### Problem statement
Look at each line below and tally those holding "units"; answer with that figure and nothing else.

### Data provided

· · · ·

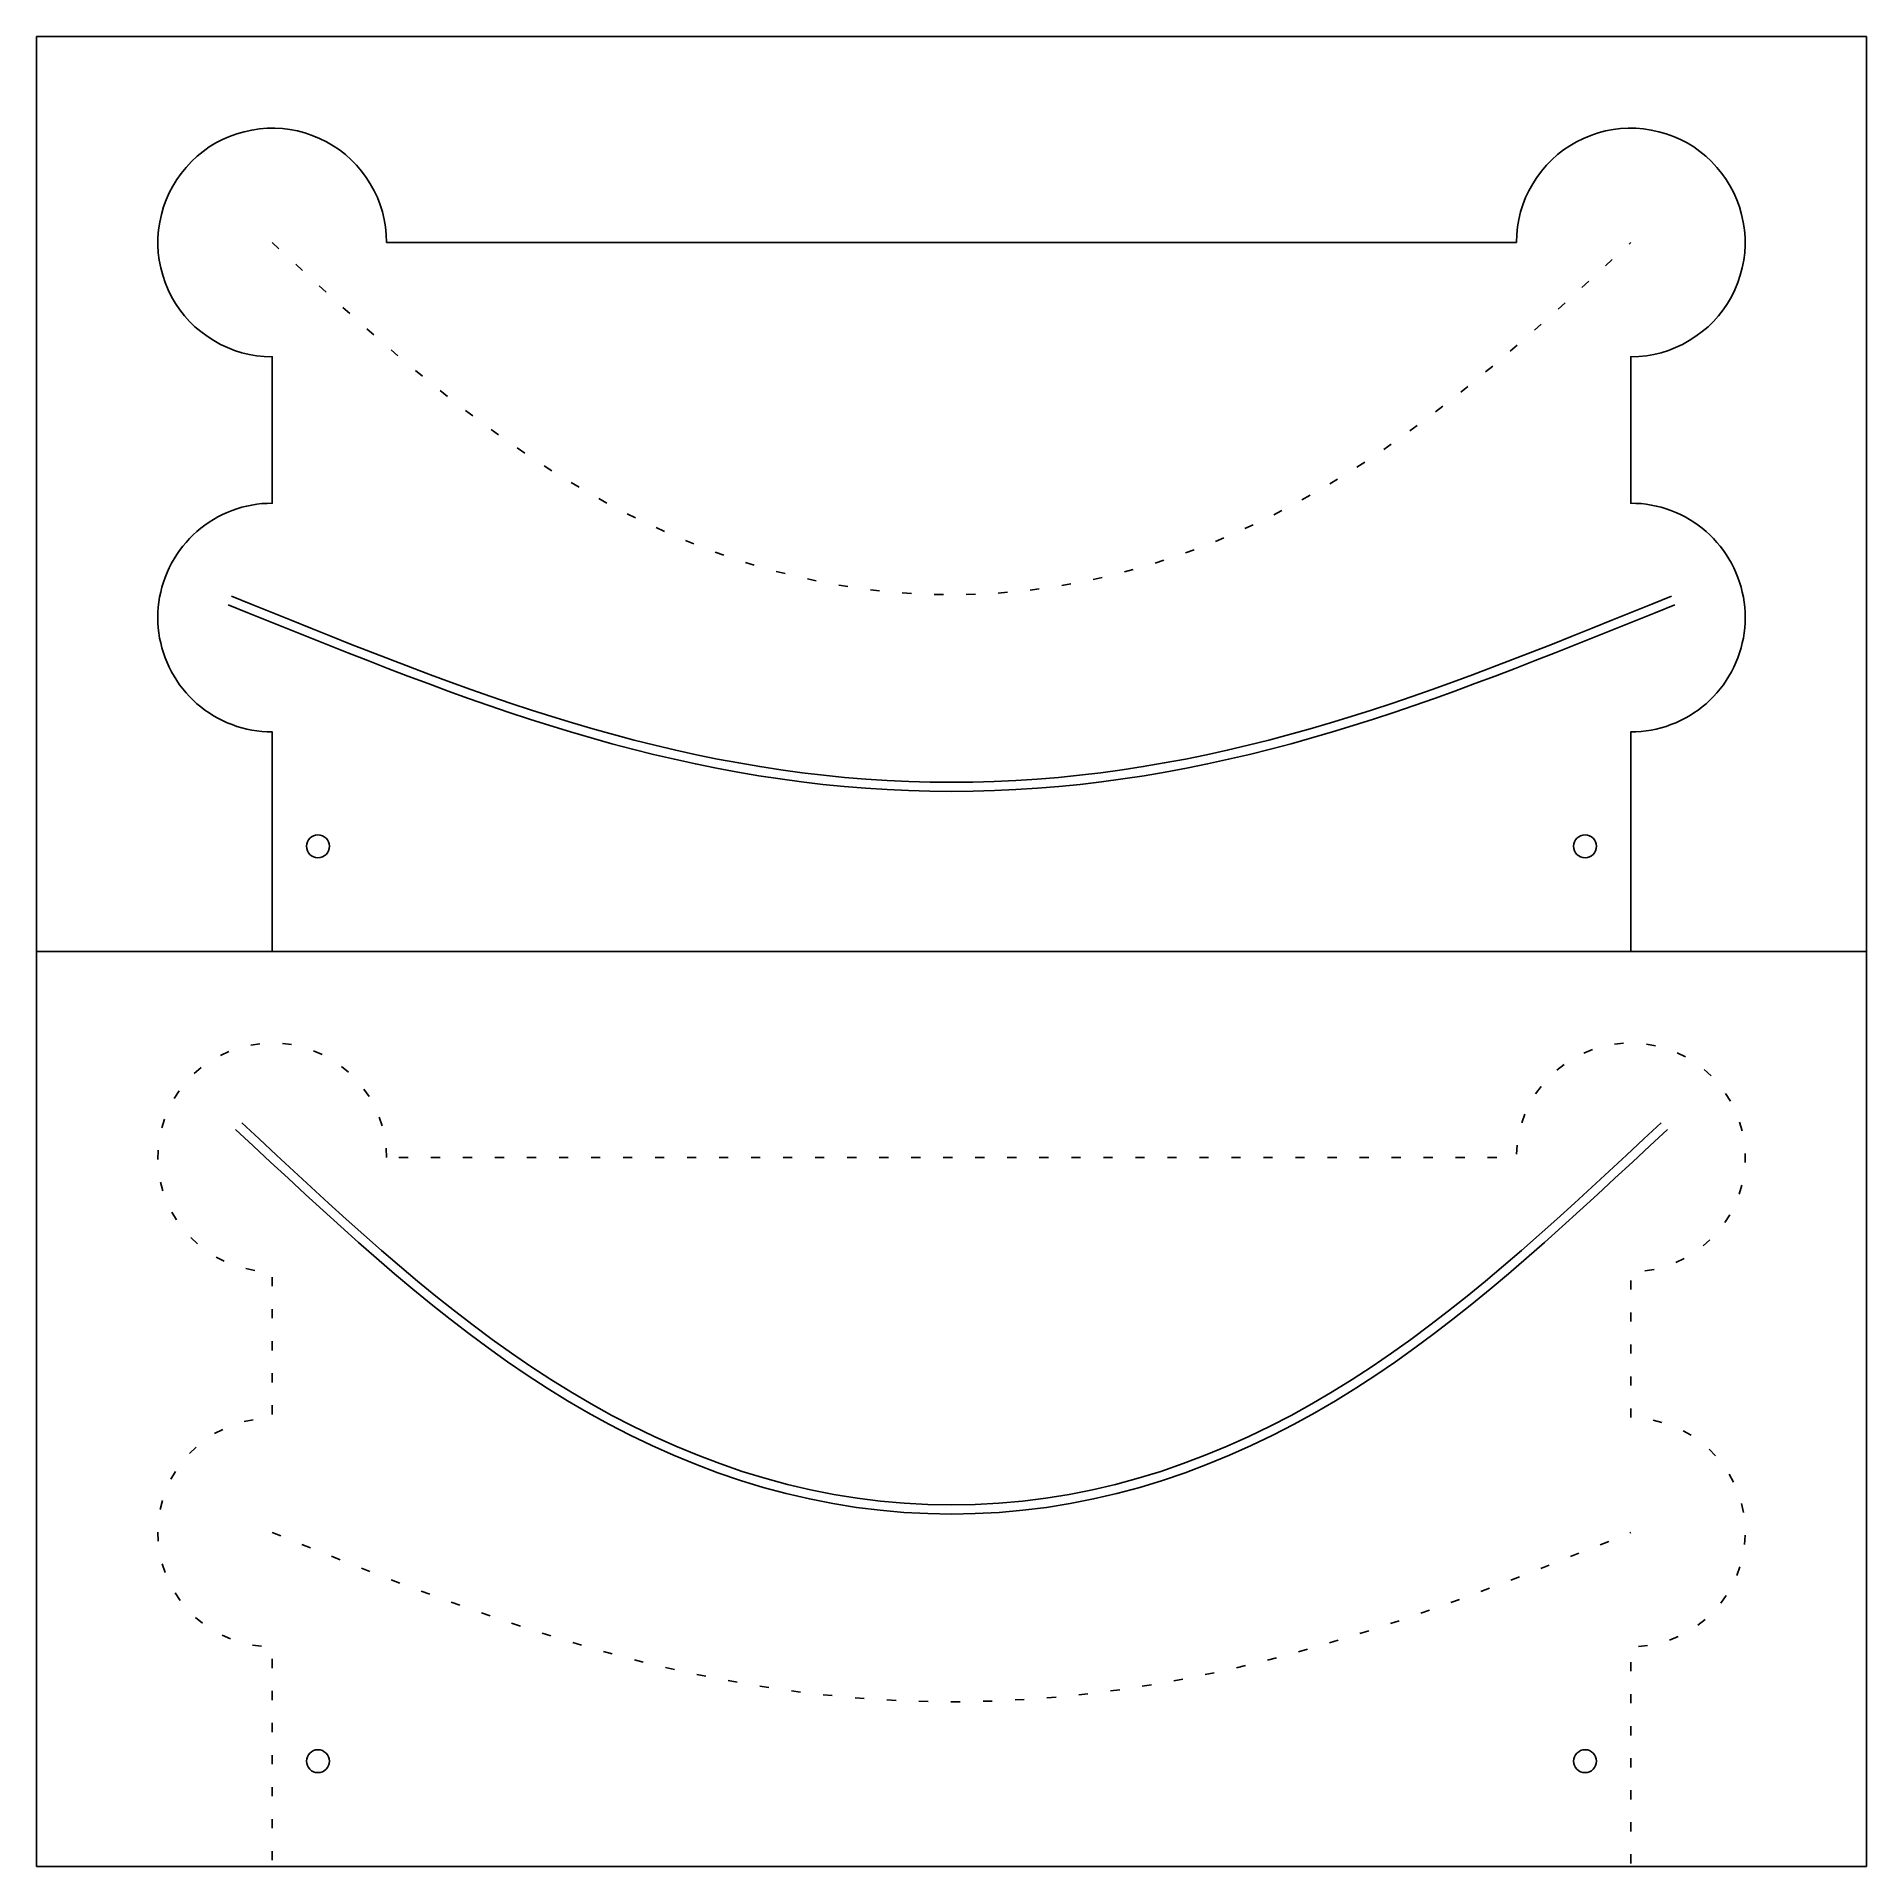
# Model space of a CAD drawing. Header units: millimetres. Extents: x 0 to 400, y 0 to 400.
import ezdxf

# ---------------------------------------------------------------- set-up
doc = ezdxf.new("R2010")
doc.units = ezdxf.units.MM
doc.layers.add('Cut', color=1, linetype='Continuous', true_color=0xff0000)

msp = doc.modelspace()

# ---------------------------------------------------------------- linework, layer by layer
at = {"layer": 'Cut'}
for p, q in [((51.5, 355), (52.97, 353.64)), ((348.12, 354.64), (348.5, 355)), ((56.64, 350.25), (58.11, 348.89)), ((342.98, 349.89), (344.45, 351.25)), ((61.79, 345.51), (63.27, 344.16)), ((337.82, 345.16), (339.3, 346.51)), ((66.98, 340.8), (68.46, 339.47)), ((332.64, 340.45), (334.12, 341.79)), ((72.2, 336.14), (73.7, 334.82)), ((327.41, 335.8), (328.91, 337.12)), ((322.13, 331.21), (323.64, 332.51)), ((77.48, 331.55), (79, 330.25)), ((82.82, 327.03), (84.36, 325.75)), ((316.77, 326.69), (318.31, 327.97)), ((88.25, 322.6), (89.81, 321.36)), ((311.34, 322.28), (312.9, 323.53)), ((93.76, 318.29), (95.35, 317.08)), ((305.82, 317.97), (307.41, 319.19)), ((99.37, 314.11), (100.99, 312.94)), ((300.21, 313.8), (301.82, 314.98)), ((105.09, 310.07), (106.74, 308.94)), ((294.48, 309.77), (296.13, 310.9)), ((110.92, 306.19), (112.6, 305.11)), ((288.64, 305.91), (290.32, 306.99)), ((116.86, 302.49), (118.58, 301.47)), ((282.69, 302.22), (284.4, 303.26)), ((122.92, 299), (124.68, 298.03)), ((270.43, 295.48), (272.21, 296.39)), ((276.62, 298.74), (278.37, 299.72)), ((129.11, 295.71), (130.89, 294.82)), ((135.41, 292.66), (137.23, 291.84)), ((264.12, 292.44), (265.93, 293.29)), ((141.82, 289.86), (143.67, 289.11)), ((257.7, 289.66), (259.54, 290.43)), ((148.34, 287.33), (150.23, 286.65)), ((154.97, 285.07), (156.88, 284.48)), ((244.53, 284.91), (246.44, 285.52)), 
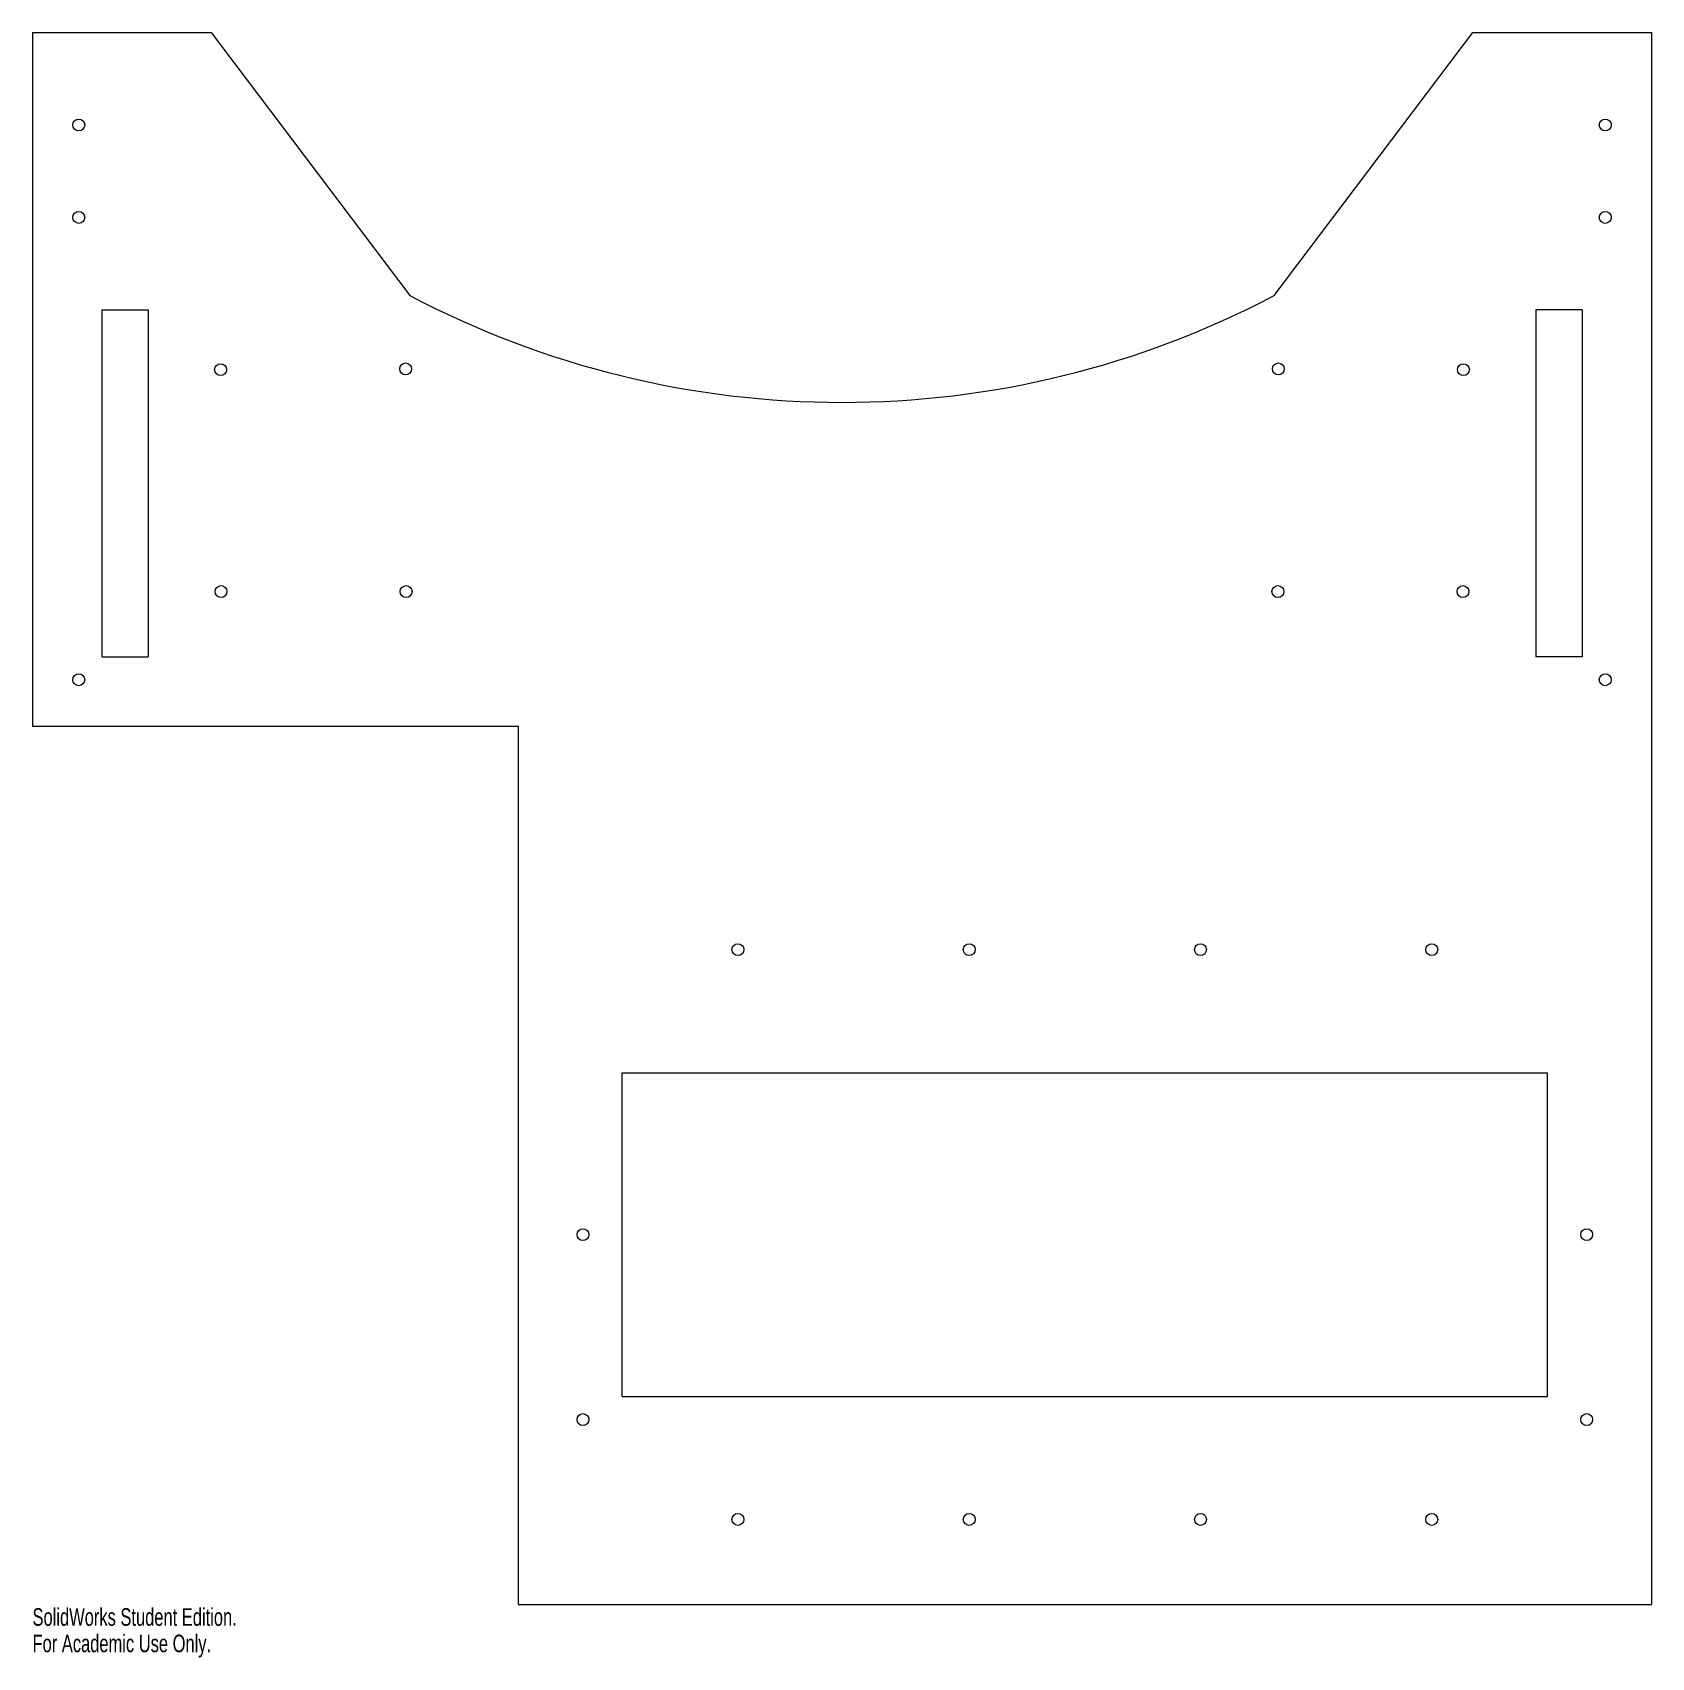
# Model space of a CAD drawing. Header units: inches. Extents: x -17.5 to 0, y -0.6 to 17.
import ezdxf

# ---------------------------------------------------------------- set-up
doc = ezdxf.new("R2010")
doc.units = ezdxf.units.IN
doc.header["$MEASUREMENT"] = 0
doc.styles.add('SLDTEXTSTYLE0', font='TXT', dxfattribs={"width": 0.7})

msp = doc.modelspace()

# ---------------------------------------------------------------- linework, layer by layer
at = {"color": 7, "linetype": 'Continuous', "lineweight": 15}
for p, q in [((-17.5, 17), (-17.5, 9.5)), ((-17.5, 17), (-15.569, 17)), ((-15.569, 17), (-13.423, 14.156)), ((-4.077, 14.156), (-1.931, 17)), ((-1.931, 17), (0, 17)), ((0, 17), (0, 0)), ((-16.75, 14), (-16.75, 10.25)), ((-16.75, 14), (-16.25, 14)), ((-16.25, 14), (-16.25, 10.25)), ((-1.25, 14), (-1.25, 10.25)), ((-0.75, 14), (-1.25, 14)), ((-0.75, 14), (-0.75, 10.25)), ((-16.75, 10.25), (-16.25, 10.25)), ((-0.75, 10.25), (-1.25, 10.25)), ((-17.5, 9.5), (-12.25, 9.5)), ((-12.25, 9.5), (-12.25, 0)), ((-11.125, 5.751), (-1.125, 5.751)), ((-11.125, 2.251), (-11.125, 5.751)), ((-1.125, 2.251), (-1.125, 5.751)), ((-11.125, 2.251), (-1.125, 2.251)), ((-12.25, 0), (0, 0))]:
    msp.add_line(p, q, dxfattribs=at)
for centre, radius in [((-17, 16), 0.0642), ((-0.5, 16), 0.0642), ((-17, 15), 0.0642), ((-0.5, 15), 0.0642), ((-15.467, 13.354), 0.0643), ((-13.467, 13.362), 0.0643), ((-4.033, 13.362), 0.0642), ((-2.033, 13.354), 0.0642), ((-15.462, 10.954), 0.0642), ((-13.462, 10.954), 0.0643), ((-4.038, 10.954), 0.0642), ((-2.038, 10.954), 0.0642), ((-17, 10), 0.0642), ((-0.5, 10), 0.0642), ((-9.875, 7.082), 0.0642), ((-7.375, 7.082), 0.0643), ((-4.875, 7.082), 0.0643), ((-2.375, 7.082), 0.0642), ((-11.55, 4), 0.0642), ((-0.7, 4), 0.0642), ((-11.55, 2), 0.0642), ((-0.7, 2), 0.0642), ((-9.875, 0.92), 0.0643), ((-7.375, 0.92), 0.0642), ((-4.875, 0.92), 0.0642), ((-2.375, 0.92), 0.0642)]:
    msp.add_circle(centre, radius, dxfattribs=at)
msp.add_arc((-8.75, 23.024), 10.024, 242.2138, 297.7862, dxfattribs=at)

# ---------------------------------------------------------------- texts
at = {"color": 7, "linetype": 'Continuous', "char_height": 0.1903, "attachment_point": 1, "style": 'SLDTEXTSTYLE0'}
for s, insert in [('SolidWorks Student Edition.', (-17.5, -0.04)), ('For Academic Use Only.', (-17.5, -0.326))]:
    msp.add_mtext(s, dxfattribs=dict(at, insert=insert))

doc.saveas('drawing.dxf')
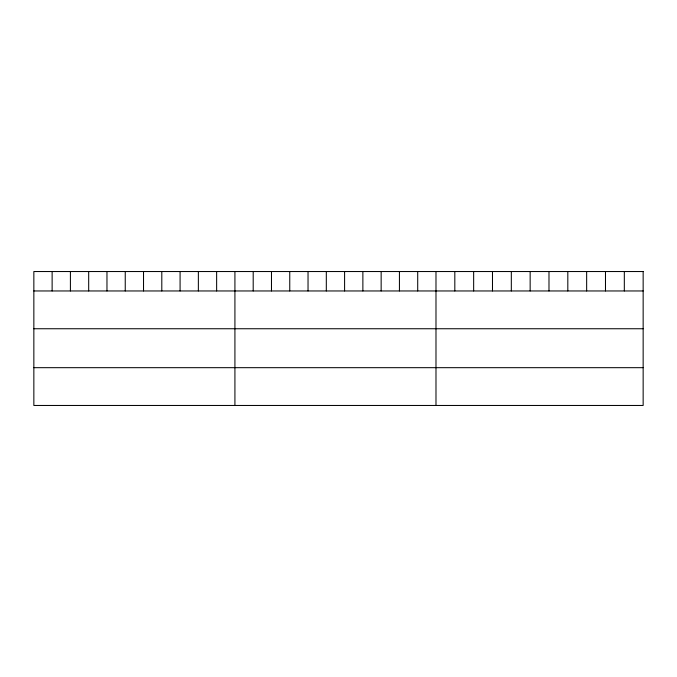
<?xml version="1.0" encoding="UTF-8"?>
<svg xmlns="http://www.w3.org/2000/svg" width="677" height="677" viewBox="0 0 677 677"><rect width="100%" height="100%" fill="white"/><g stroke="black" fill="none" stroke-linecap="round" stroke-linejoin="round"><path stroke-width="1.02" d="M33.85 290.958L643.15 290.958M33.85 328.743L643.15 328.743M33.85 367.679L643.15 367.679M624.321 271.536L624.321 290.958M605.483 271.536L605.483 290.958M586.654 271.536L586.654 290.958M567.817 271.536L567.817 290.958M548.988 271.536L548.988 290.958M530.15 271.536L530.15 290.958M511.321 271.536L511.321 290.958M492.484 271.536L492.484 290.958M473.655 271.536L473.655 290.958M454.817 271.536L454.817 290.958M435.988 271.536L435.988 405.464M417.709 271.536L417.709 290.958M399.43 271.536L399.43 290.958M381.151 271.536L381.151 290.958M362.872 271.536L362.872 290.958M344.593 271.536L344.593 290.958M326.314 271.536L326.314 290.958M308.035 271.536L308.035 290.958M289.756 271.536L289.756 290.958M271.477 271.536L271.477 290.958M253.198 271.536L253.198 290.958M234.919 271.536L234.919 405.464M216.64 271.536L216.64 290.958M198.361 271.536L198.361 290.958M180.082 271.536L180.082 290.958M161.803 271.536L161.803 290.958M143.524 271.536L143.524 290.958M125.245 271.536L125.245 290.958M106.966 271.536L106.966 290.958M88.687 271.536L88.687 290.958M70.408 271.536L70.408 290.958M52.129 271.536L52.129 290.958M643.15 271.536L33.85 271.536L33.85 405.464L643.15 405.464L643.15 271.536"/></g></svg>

· · · ·

### Solution to this task
4